My fingers tighten around the brush until my knuckles ache. The canvas looms in front of me, white and blank and waiting. My chest rises too fast, breath stuttering like a broken engine.

He watches me like he’s watching a ceremony.

Every part of me wants to scream.

But I lift the brush instead. The bristles drag across the surface, leaving a thin, trembling line of red.

He exhales through his teeth, a sound too close to relief. “Yes,” he whispers. “That’s it. That’s the beginning.”

The paint glistens wetly in the light. Something in me snaps.

I move again—harder this time. The brush slices another line, then another, faster, the strokes losing shape. Color spreads over color until there’s no pattern left, just chaos, just noise. The sound of it—the scrape, the breath, the wet slap of pigment—fills the room.

Behind me, Justin’s breath hitches. His delight falters, confusion edging in. “No,” he says, a nervous laugh bubbling under the word. “No, no, you’re doing it wrong?—”

“I’m doing it my way,” I bite out, paint splattering across my wrist.
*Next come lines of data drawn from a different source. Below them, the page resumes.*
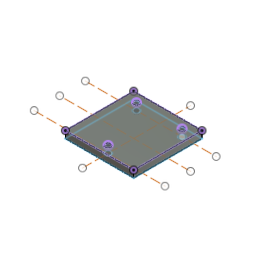
bearing_plate (Autodesk Fusion 360 design; units mm, degrees)
Autodesk Fusion 360 part; units mm, degrees
sketch "Sketch1" plane through (0, 0, 0) normal (0, 1, 0) x (1, 0, 0)
  line L0 (-50, 25) -> (10, 25)
  line L1 (10, 25) -> (10, -35)
  line L2 (10, -35) -> (-50, -35)
  line L3 (-50, -35) -> (-50, 25)
  line L4 (-20, -50) -> (-20, 45) construction
  line L5 (30, -5) -> (-85, -5) construction
  line L6 (-85, 17.5) -> (30, 17.5) construction
  line L7 (-85, -27.5) -> (30, -27.5) construction
  circle A0 centre (-40, 17.5) radius 2.55
  circle A1 centre (0, 17.5) radius 2.55
  circle A2 centre (-20, -27.5) radius 2.55
  dimension "d1" = 60
  dimension "d2" = 60
  dimension "d3" = 22.5
  dimension "d4" = 5.1
  dimension "d5" = 5.1
  constraint horizontal L0
  constraint vertical L1
  constraint horizontal L2
  constraint vertical L3
  constraint perpendicular L0 L4
  constraint perpendicular L1 L5
  constraint perpendicular L1 L6
  constraint symmetric L5 L6.start L7.start
  constraint symmetric L5 L6.end L7.end
  constraint coincident L6 A0.centre
  constraint symmetric L4 A0 A1
  constraint coincident L7 A2.centre
  constraint coincident L4 A2.centre
  measures "d1" distance of L0.start L2.end
  measures "d2" distance of L0.start L0.end
  measures "d3" distance of L5 L6
  measures "d4" diameter of A0
  measures "d5" diameter of A2
extrude "Extrude1" add sketch "Sketch1" along normal blind 6
sketch "Sketch3" plane through (0, 6, 0) normal (0, 1, 0) x (-1, 0, 0)
  circle A0 centre (40, -17.5) radius 2.55
  circle A1 centre (20, 27.5) radius 2.55
  circle A2 centre (0, -17.5) radius 2.55
  line L0 (50, 35) -> (-10, 35)
  line L1 (-10, 35) -> (-10, -25)
  line L2 (-10, -25) -> (50, -25)
  line L3 (50, -25) -> (50, 35)
equation "d3 = separation / 2"
equation "d4 = hole_01"
equation "d5 = hole_01"
equation "separation = 45 mm"
equation "hole_01 = 5.1 mm"

He crosses the space in two steps and grabs my arm. His fingers clamp down hard, grinding bone against tendon. The brush jerks sideways.

“Don’t ruin it,” he snaps. The grin is gone now. “Don’t ruin what we’re making.”

The pressure burns now, the rope grinding against my wrist until I feel the skin start to tear. I twist again, teeth clenched, the fibers biting deeper. “You wanted me to paint, right?” I snap, my voice raw and shaking. “Then I’m fucking painting. Or do you want to control that too? I thought you cared about my artistic truth—about freedom.”

The slap cracks through the room. My head jerks to the side, cheek blazing, the metallic taste of blood blooming where my teeth catch my lip. The sound rings in my skull long after his hand drops back to his side.